“A man is not old until regrets take the place of dreams,” John Barrymore once opined.
Thanks to the NCAA tournament, I’m ready for Social Security.
I actually have few regrets in life. My refusal to pick Kent State in the opening round aside, I enjoy a charmed existence.
But this year’s tourney has made me realize that I can no longer watch games and dream of the day when I’m hoisting up the big three with 30 seconds left. I’m 20 years old. If I were meant to, I’d already be doing it.
I’d be doing it like Pete Anderer did it last week. Pete, a guard for 13th-seeded Davidson, took and made that shot a week ago today, nailing a trey to pull the Wildcats within one and put the fear of God into fourth-seeded Ohio State.
A few years earlier, Pete played varsity basketball for Regis High School in New York. He averaged 18.6 points a night. And, in art class, he once suggested that “Flemish baroque” was something that “came out your throat.” Somewhere in the back of the room, a skinny kid named Martin laughed and laughed.

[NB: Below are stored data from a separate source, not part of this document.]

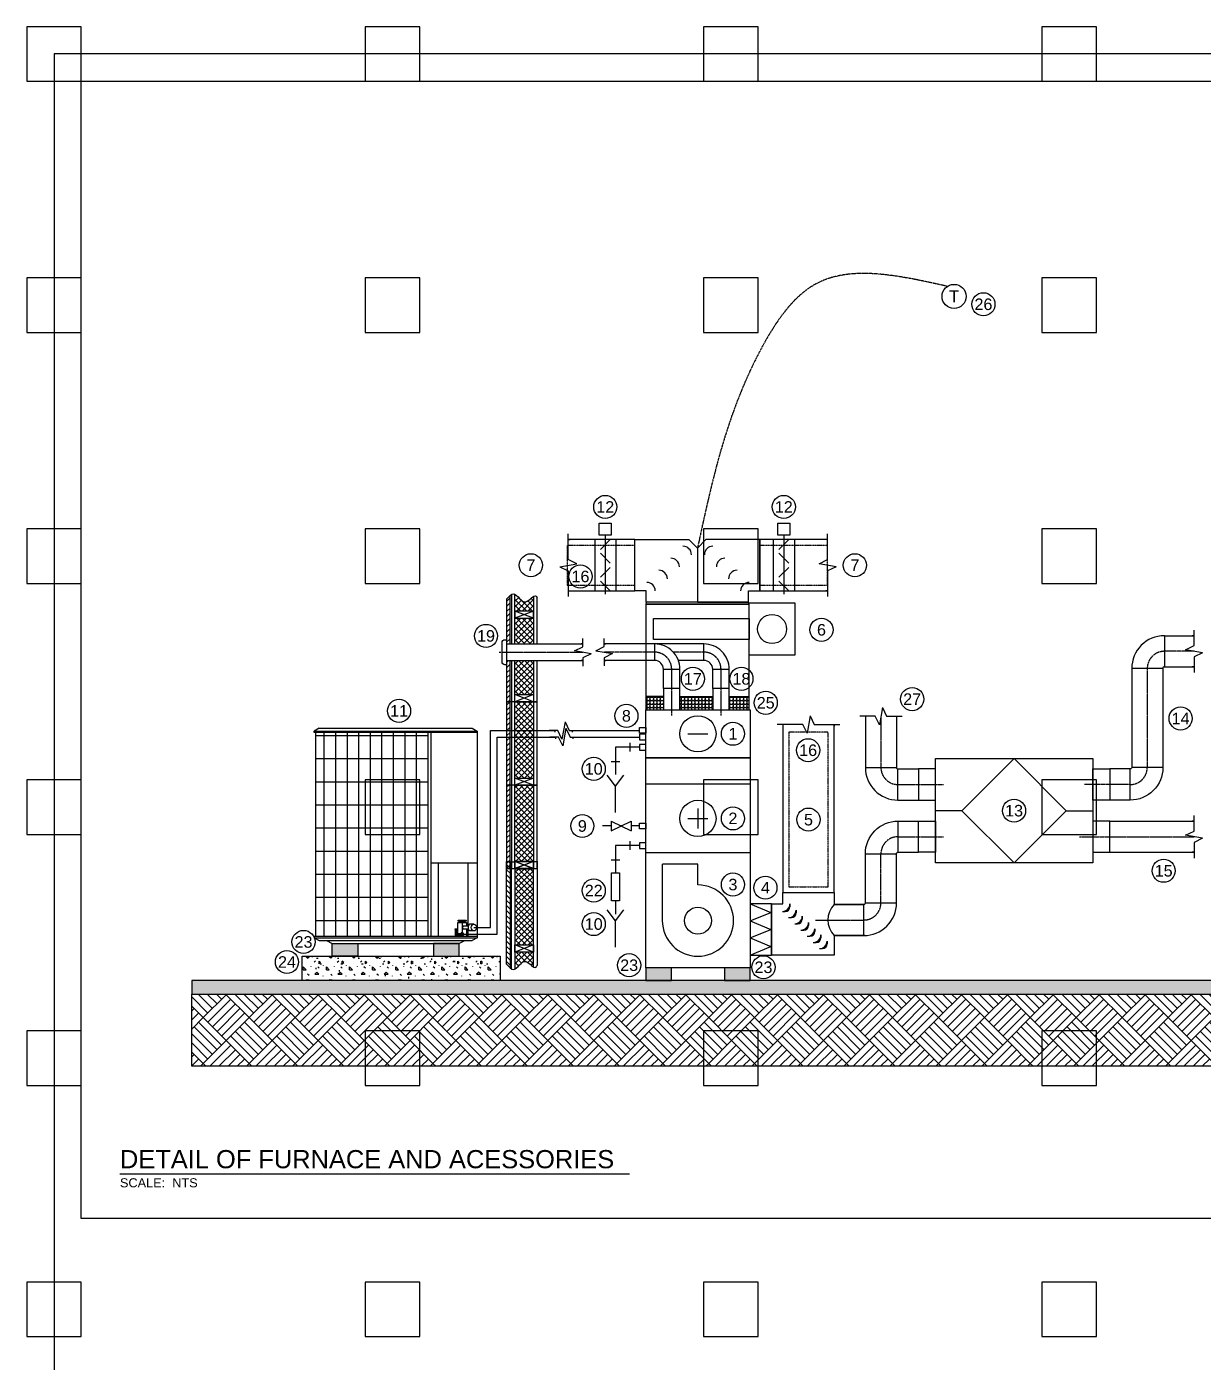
# Model space of a CAD drawing. Header units: millimetres. Extents: x -265298 to 39086, y 16803 to 136893.
# Drawn here: x -53547 to -40405, y 76256 to 91173 of the extents above; entities that cross this region are included whole.
import ezdxf
from ezdxf.enums import TextEntityAlignment as Align
from ezdxf.lldxf.tags import DXFTag

# ---------------------------------------------------------------- set-up
doc = ezdxf.new("R2010")
doc.units = ezdxf.units.MM
doc.header["$LTSCALE"] = 25
doc.linetypes.add('schedules_symbols_notes$0$CENTER2', pattern=[1.125, 0.75, -0.125, 0.125, -0.125])
doc.linetypes.add('schedules_symbols_notes$0$HIDDEN2', pattern=[0.1875, 0.125, -0.0625])
for name, color, linetype in [('schedules_symbols_notes$0$M-ANNO', 11, 'Continuous'), ('schedules_symbols_notes$0$M-CENTER', 33, 'schedules_symbols_notes$0$CENTER2'), ('schedules_symbols_notes$0$M-CONTROLWIRING', 140, 'schedules_symbols_notes$0$CENTER2'), ('schedules_symbols_notes$0$M-DETAIL CLR11', 11, 'Continuous'), ('schedules_symbols_notes$0$M-EQUIPMENT', 3, 'Continuous'), ('schedules_symbols_notes$0$M-HVAC-EXHS-DUCT', 5, 'Continuous'), ('schedules_symbols_notes$0$M-HVAC-RETN-DUCT', 1, 'Continuous'), ('schedules_symbols_notes$0$M-HVAC-SUPP-DUCT', 4, 'Continuous'), ('schedules_symbols_notes$0$M-HVAC-TSTAT', 4, 'Continuous'), ('schedules_symbols_notes$0$M-LEN-ELEV', 7, 'Continuous'), ('schedules_symbols_notes$0$M-PIPE-REFR', 3, 'Continuous'), ('schedules_symbols_notes$0$P-COND-DRAIN', 3, 'schedules_symbols_notes$0$CONDENSATE_DRAIN'), ('schedules_symbols_notes$0$P-NGAS', 2, 'schedules_symbols_notes$0$NAT_GAS')]:
    doc.layers.add(name, color=color, linetype=linetype)
doc.styles.add('schedules_symbols_notes$0$RDZENG', font='micross.ttf', dxfattribs={"height": 2})
doc.styles.add('schedules_symbols_notes$0$RDZENG_0.25', font='micross.ttf', dxfattribs={"height": 4})
doc.styles.add('schedules_symbols_notes$0$Standard', font='arial.ttf')
tags = doc.linetypes.add('schedules_symbols_notes$0$CONDENSATE_DRAIN', pattern='A,2,-0.2,["CD",schedules_symbols_notes$0$Standard,S=0.08,R=0,X=-0.08,Y=-0.04],-0.2', length=2.4).pattern_tags.tags
tags[6] = DXFTag(74, 10)
tags = doc.linetypes.add('schedules_symbols_notes$0$NAT_GAS', pattern='A,2,-0.1,["G",schedules_symbols_notes$0$Standard,S=0.08,R=0,X=0,Y=-0.04],-0.2', length=2.3).pattern_tags.tags
tags[6] = DXFTag(74, 10)
pattern_1 = [(315, (-66715.66, 76651.626), (38.709612, -9e-15), [15.87566, -38.868]), (0, (-66704.435, 76640.4), (38.7096, 38.7096), [16.25803, -22.45157]), (45, (-66688.177, 76640.4), (0, 38.709612), [15.87566, -38.868]), (135, (-66676.95, 76667.884), (-38.709612, 5e-15), [15.87566, -38.868]), (225, (-66704.435, 76679.11), (-7e-15, -38.709612), [15.87566, -38.868]), (270, (-66715.66, 76667.884), (38.7096, -38.7096), [16.25803, -22.45157])]
pattern_2 = [(0, (-66715.66, 76769), (258.064, 258.064), [32.258, -225.806]), (90, (-66715.66, 76769), (-258.064, 258.064), [32.258, -225.806]), (135, (-66683.4, 76769.01), (-258.064, 2e-14), [45.6197, -319.338]), (0, (-66683.4, 76914.17), (258.064, 258.064), [32.258, -225.806]), (45, (-66667.27, 76898.04), (0, 258.064), [22.8098, -342.1478]), (135, (-66667.27, 76898.04), (-258.064, 2e-14), [22.8098, -342.1478]), (0, (-66586.63, 76978.69), (258.064, 258.064), [45.6197, -212.4443]), (45, (-66586.63, 76978.69), (0, 258.064), [32.258, -332.6996]), (135, (-66541.01, 76978.69), (-258.064, 2e-14), [32.258, -332.6996]), (90, (-66538.24, 76833.53), (-258.064, 258.064), [32.258, -225.806]), (45, (-66538.24, 76833.53), (0, 258.064), [22.8098, -342.1478]), (135, (-66522.11, 76849.65), (-258.064, 2e-14), [22.8098, -342.1478]), (0, (-66683.4, 76833.53), (258.064, 258.064), [16.129, -216.1286]), (0, (-66489.85, 76898.04), (258.064, 258.064), [16.129, -216.1286]), (90, (-66570.5, 76930.3), (-258.064, 258.064), [16.129, -216.1286]), (135, (-66538.24, 76785.14), (-258.064, 2e-14), [22.8098, -342.1478]), (135, (-66651.14, 76962.56), (-258.064, 2e-14), [22.8098, -342.1478]), (45, (-66594.7, 76853.69), (0, 258.064), [22.8098, -342.1478]), (90, (-66626.95, 76801.27), (-258.064, 258.064), [4.0322, -254.0317]), (90, (-66614.85, 76910.14), (-258.064, 258.064), [4.0322, -254.0317]), (90, (-66493.9, 76954.5), (-258.064, 258.064), [4.0322, -254.0317]), (90, (-66489.85, 76817.4), (-258.064, 258.064), [4.0322, -254.0317])]

# ---------------------------------------------------------------- blocks, each defined once
blk = doc.blocks.new('*U319')
at = {"layer": 'Defpoints'}
blk.add_lwpolyline([(-304.8, -304.8), (304.8, -304.8), (304.8, 304.8), (-304.8, 304.8)], close=True, dxfattribs=at)
blk = doc.blocks.new('*U321')
at = {"layer": 'Defpoints', "color": 0, "linetype": 'ByBlock', "lineweight": -2, "transparency": 16777216}
for p in [(0, 28041), (3780, 28041), (7559, 28041), (11339, 28041), (0, 25237), (3780, 25237), (7559, 25237), (11339, 25237), (0, 22433), (3780, 22433), (7559, 22433), (11339, 22433), (0, 19629), (3780, 19629), (7559, 19629), (11339, 19629), (0, 16825), (3780, 16825), (7559, 16825), (11339, 16825), (0, 14021), (3780, 14021), (7559, 14021), (11339, 14021)]:
    blk.add_blockref('*U319', p, dxfattribs=at)
blk = doc.blocks.new('schedules_symbols_notes$0$A$C5ACE41DD')
h = blk.add_hatch()
h.set_pattern_fill('INSULATION', color=256, scale=10, style=0)
h.set_pattern_definition([(45, (-14703.144, -5394.925), (-25.14472, 25.14472), []), (135, (-14703.144, -5394.925), (-25.14472, -25.14472), [])])
h.paths.add_polyline_path([(82, 734), (-82, 734), (-82, 63), (82, 63)])
edge = h.paths.add_edge_path()
edge.add_line((82, 796), (82, 928))
edge.add_spline(control_points=[(82, 928), (62, 917), (-2, 833), (-52, 930), (-82, 945)], knot_values=[91.647441, 91.647441, 91.647441, 91.647441, 165.163231, 279.58537, 279.58537, 279.58537, 279.58537], degree=3, periodic=0)
edge.add_line((-82, 945), (-82, 796))
edge.add_line((-82, 796), (82, 796))
h = blk.add_hatch()
h.set_pattern_fill('ANSI31', color=256, scale=10, style=0)
h.set_pattern_definition([(45, (-14703.144, -5394.925), (-22.45064, 22.45064), [])])
edge = h.paths.add_edge_path()
edge.add_line((-156, 902), (-156, 0))
edge.add_line((-156, 0), (-125, 0))
edge.add_line((-125, 0), (-125, 935))
for p, q in [((82, 734), (-82, 796)), ((82, 796), (-82, 734)), ((82, 63), (-82, 0)), ((82, 0), (-82, 63))]:
    blk.add_line(p, q)
for points in [[(-113, 943), (-113, 2), (-82, 2), (-82, 945)], [(-156, 902), (-156, 0), (-125, 0), (-125, 935)], [(82, 928), (82, 0), (113, 0), (113, 913)]]:
    blk.add_lwpolyline(points)
for points in [[(82, 796), (-82, 796), (-82, 734), (82, 734)], [(82, 0), (-82, 0), (-82, 63), (82, 63)]]:
    blk.add_lwpolyline(points, close=True)
blk.add_spline([(-156, 902), (-93, 948), (14, 879), (103, 928), (113, 913)], degree=3)
blk = doc.blocks.new('*U212')
for p, q in [((7, 0), (-2, 0)), ((8.47, -3.03), (7, 0)), ((9.53, 3.03), (8.47, -3.03)), ((9.53, 3.03), (11, 0)), ((11, 0), (20, 0))]:
    blk.add_line(p, q)
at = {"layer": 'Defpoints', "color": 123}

Now, thanks to CBS’ Gus Johnson, everyone knows a little bit about Pete. How he got into Columbia, but chose to go to Davidson for a far-from-guaranteed spot on the team. How he joined the ’Cats as a walk-on, turned into their top outside threat and hit 45 percent of his threes during the season. How he knocked down five threes in the Southern Conference title game against Furman to propel Davidson into the tourney.
After the Furman game, ESPN’s 1 a.m. SportsCenter aired a montage of Anderer threes. Anchor Stuart Scott proclaimed that “Peter Anderer is like butta, ’cause he’s on a roll.” That kicked off a week of Anderermania—an appearance in the “Leading Off” section of the Mar. 11 Sports Illustrated, ESPN.com designating him Davidson’s “Player to Watch” and, of course, his role in the Ohio State near-upset.
And somewhere in the middle of this it occurred to me: Pete’s my age and I’m sitting on my butt watching TV and eating Tostitos. My childhood dreams of basketball superstardom will never come true. I’d had a similar insight while watching the Little League World Series at 16. Once I hit 40, I’ll probably realize that even a future with the ever-graying New York Knicks is out of the question.
It’s surprisingly difficult, getting old. So much of my being a fan has been putting myself in the game, thinking that it could be me some day. But now, the incredibly miniscule window of opportunity I had (I must have had it at some point, right?) is slamming shut. Pete jumped through. I never will.
Neither will Pat Heffernan, but it won’t be for lack of jumping. “Heff” was Regis’ co-MVP with Pete in 1999. He was one of the more unselfish players I’ve ever seen on a court. He took about a dozen charges a game and threw up far fewer shots than befitted a player of his talent. Heff went to Boston College and managed the basketball team with the goal of eventually joining the squad himself as a walk-on.
One day, one of his practice dunks went horribly awry in mid-air and he ended up flat on his back. The pain lingers, and now Pat has already gotten as close as he’ll get to playing in the NCAAs—watching from the sidelines as his Eagles lost to Texas last week.
I talked to Heff after Pete’s game about suddenly realizing that it was all over, that the stubborn part of me that still aspired to be Christian Laettner or Grant Hill had died with the realization that Pete was already doing it. He replied, “Well, I guess that’s me, too.”
But Heff was still part of the action. He still got to sit courtside, stay in the NCAA hotels and mingle with luscious Texas cheerleaders. He felt every victory and sweated out the NCAA selection show. He was part of a team. As a fan, you envy that almost as much as you do the dunks.
Oddly enough, I’ve never felt quite this way about Harvard teams. The junior who whines when her country-club sport doesn’t make the front page never really did much for me. And even the most exciting moments—like Tyler Kolarik’s wrister on Saturday that ended an epic ECAC Championship game—thrill me but never make me wish I were in the thick of the action.
But the NCAAs are distant enough to allow you to dream, for a time, that it could be you out there one day. And guys who you do know out there—the Petes and Heffs of the world—are close enough that you feel like you are.
Harvard athletics fall into an interesting middle ground that never gave me that depth of feeling. I pulled for Harvard football as hard as anyone did in the fall, but it’s a different kind of support. It’s not the same as watching Pete Anderer on TV—dropping an F-bomb after a late Buckeye score or calmly sinking the clutch rainbow—and shaking your head, smiling and saying, “Man! That right there is living!”